For multiplexing purpose, we prepared a scRNA-seq library for mixed R. breviuscula and R. tenuis pollen nuclei. Therefore, we need to separate R. breviuscula data out before doing any further analysis. To this end, we firstly aligned the scRNA-seq reads of all demultiplexed cells to both R. breviuscula and R. tenuis reference genome and then removed PCR-related quantification biases (AKA deduplication) using UMIcollapse. This part has been delineated in the main pipeline.
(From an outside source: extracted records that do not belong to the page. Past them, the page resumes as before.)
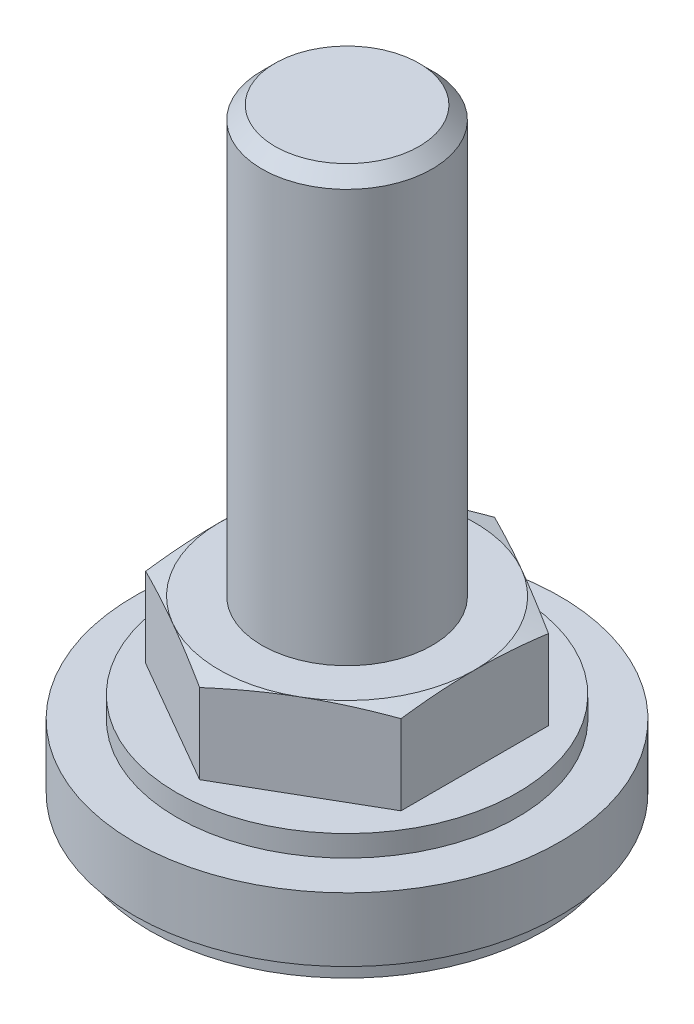
ISO-10303-21;
HEADER;
FILE_DESCRIPTION(('STEP AP214'),'2;1');
FILE_NAME('part.step','',(''),(''),'','','');
FILE_SCHEMA(('AUTOMOTIVE_DESIGN { 1 0 10303 214 1 1 1 1 }'));
ENDSEC;
DATA;
#1=APPLICATION_CONTEXT('core data for automotive mechanical design processes');
#2=APPLICATION_PROTOCOL_DEFINITION('international standard','automotive_design',2000,#1);
#3=PRODUCT_CONTEXT('',#1,'mechanical');
#4=PRODUCT('Part','Part','',(#3));
#5=PRODUCT_RELATED_PRODUCT_CATEGORY('part','',(#4));
#6=PRODUCT_DEFINITION_FORMATION('','',#4);
#7=PRODUCT_DEFINITION_CONTEXT('part definition',#1,'design');
#8=PRODUCT_DEFINITION('design','',#6,#7);
#9=PRODUCT_DEFINITION_SHAPE('','',#8);
#10=(LENGTH_UNIT() NAMED_UNIT(*) SI_UNIT(.MILLI.,.METRE.));
#11=(NAMED_UNIT(*) PLANE_ANGLE_UNIT() SI_UNIT($,.RADIAN.));
#12=(NAMED_UNIT(*) SI_UNIT($,.STERADIAN.) SOLID_ANGLE_UNIT());
#13=UNCERTAINTY_MEASURE_WITH_UNIT(LENGTH_MEASURE(1.E-05),#10,'distance_accuracy_value','');
#14=(GEOMETRIC_REPRESENTATION_CONTEXT(3) GLOBAL_UNCERTAINTY_ASSIGNED_CONTEXT((#13)) GLOBAL_UNIT_ASSIGNED_CONTEXT((#10,
#11,#12)) REPRESENTATION_CONTEXT('',''));
#15=CARTESIAN_POINT('',(0.,0.,0.));
#16=DIRECTION('',(0.,0.,1.));
#17=DIRECTION('',(1.,0.,0.));
#18=AXIS2_PLACEMENT_3D('',#15,#16,#17);
#19=CARTESIAN_POINT('',(15.,2.,0.));
#20=DIRECTION('',(0.,-1.,0.));
#21=DIRECTION('',(0.,0.,-1.));
#22=AXIS2_PLACEMENT_3D('',#19,#20,#21);
#23=PLANE('',#22);
#24=CARTESIAN_POINT('',(0.,2.,0.));
#25=DIRECTION('',(0.,1.,0.));
#26=DIRECTION('',(0.,0.,1.));
#27=AXIS2_PLACEMENT_3D('',#24,#25,#26);
#28=CIRCLE('',#27,16.);
#29=CARTESIAN_POINT('',(0.,2.,16.));
#30=VERTEX_POINT('',#29);
#31=EDGE_CURVE('E167',#30,#30,#28,.T.);
#32=ORIENTED_EDGE('',*,*,#31,.T.);
#33=EDGE_LOOP('',(#32));
#34=FACE_BOUND('',#33,.T.);
#35=DIRECTION('',(0.,0.,1.));
#36=VECTOR('',#35,1.);
#37=CARTESIAN_POINT('',(-12.,2.,-6.92820323027551));
#38=LINE('',#37,#36);
#39=CARTESIAN_POINT('',(-12.,2.,-6.92820323027551));
#40=VERTEX_POINT('',#39);
#41=CARTESIAN_POINT('',(-12.,2.,6.92820323027551));
#42=VERTEX_POINT('',#41);
#43=EDGE_CURVE('E128',#40,#42,#38,.T.);
#44=ORIENTED_EDGE('',*,*,#43,.F.);
#45=DIRECTION('',(-0.866025403784439,0.,0.5));
#46=VECTOR('',#45,1.);
#47=CARTESIAN_POINT('',(0.,2.,-13.856406460551));
#48=LINE('',#47,#46);
#49=CARTESIAN_POINT('',(0.,2.,-13.856406460551));
#50=VERTEX_POINT('',#49);
#51=EDGE_CURVE('E143',#50,#40,#48,.T.);
#52=ORIENTED_EDGE('',*,*,#51,.F.);
#53=DIRECTION('',(-0.866025403784439,0.,-0.5));
#54=VECTOR('',#53,1.);
#55=CARTESIAN_POINT('',(12.,2.,-6.92820323027551));
#56=LINE('',#55,#54);
#57=CARTESIAN_POINT('',(12.,2.,-6.92820323027551));
#58=VERTEX_POINT('',#57);
#59=EDGE_CURVE('E140',#58,#50,#56,.T.);
#60=ORIENTED_EDGE('',*,*,#59,.F.);
#61=DIRECTION('',(0.,0.,-1.));
#62=VECTOR('',#61,1.);
#63=CARTESIAN_POINT('',(12.,2.,6.92820323027551));
#64=LINE('',#63,#62);
#65=CARTESIAN_POINT('',(12.,2.,6.92820323027551));
#66=VERTEX_POINT('',#65);
#67=EDGE_CURVE('E137',#66,#58,#64,.T.);
#68=ORIENTED_EDGE('',*,*,#67,.F.);
#69=DIRECTION('',(0.866025403784439,0.,-0.5));
#70=VECTOR('',#69,1.);
#71=CARTESIAN_POINT('',(0.,2.,13.856406460551));
#72=LINE('',#71,#70);
#73=CARTESIAN_POINT('',(0.,2.,13.856406460551));
#74=VERTEX_POINT('',#73);
#75=EDGE_CURVE('E131',#74,#66,#72,.T.);
#76=ORIENTED_EDGE('',*,*,#75,.F.);
#77=DIRECTION('',(0.866025403784439,0.,0.5));
#78=VECTOR('',#77,1.);
#79=CARTESIAN_POINT('',(-12.,2.,6.92820323027551));
#80=LINE('',#79,#78);
#81=EDGE_CURVE('E117',#42,#74,#80,.T.);
#82=ORIENTED_EDGE('',*,*,#81,.F.);
#83=EDGE_LOOP('',(#44,#52,#60,#68,#76,#82));
#84=FACE_BOUND('',#83,.T.);
#85=ADVANCED_FACE('F39',(#34,#84),#23,.F.);
#86=CARTESIAN_POINT('',(0.,-8.,0.));
#87=DIRECTION('',(0.,1.,0.));
#88=DIRECTION('',(0.,0.,1.));
#89=AXIS2_PLACEMENT_3D('',#86,#87,#88);
#90=CYLINDRICAL_SURFACE('',#89,16.);
#91=ORIENTED_EDGE('',*,*,#31,.F.);
#92=EDGE_LOOP('',(#91));
#93=FACE_BOUND('',#92,.T.);
#94=CARTESIAN_POINT('',(0.,0.,0.));
#95=DIRECTION('',(0.,1.,0.));
#96=DIRECTION('',(0.,0.,1.));
#97=AXIS2_PLACEMENT_3D('',#94,#95,#96);
#98=CIRCLE('',#97,16.);
#99=CARTESIAN_POINT('',(0.,0.,16.));
#100=VERTEX_POINT('',#99);
#101=EDGE_CURVE('E164',#100,#100,#98,.T.);
#102=ORIENTED_EDGE('',*,*,#101,.T.);
#103=EDGE_LOOP('',(#102));
#104=FACE_BOUND('',#103,.T.);
#105=ADVANCED_FACE('F261',(#93,#104),#90,.T.);
#106=CARTESIAN_POINT('',(16.,0.,0.));
#107=DIRECTION('',(0.,-1.,0.));
#108=DIRECTION('',(0.,0.,-1.));
#109=AXIS2_PLACEMENT_3D('',#106,#107,#108);
#110=PLANE('',#109);
#111=ORIENTED_EDGE('',*,*,#101,.F.);
#112=EDGE_LOOP('',(#111));
#113=FACE_BOUND('',#112,.T.);
#114=CARTESIAN_POINT('',(0.,0.,0.));
#115=DIRECTION('',(0.,1.,0.));
#116=DIRECTION('',(0.,0.,1.));
#117=AXIS2_PLACEMENT_3D('',#114,#115,#116);
#118=CIRCLE('',#117,20.);
#119=CARTESIAN_POINT('',(0.,0.,20.));
#120=VERTEX_POINT('',#119);
#121=EDGE_CURVE('E161',#120,#120,#118,.T.);
#122=ORIENTED_EDGE('',*,*,#121,.T.);
#123=EDGE_LOOP('',(#122));
#124=FACE_BOUND('',#123,.T.);
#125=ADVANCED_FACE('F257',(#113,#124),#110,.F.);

Now, we resume from obtaining alingment results of each cell to R. breviuscula and R. tenuis genome. For a single cell, if the fraction of aligned reads to R. breviuscula is much higher than that to R. tenuis, then we say this cell is from R. breviuscula and vice versa.
The standard output of UMIcollapse derives some informative statistics, among which we can extract the number of reads mapping to provided reference genome.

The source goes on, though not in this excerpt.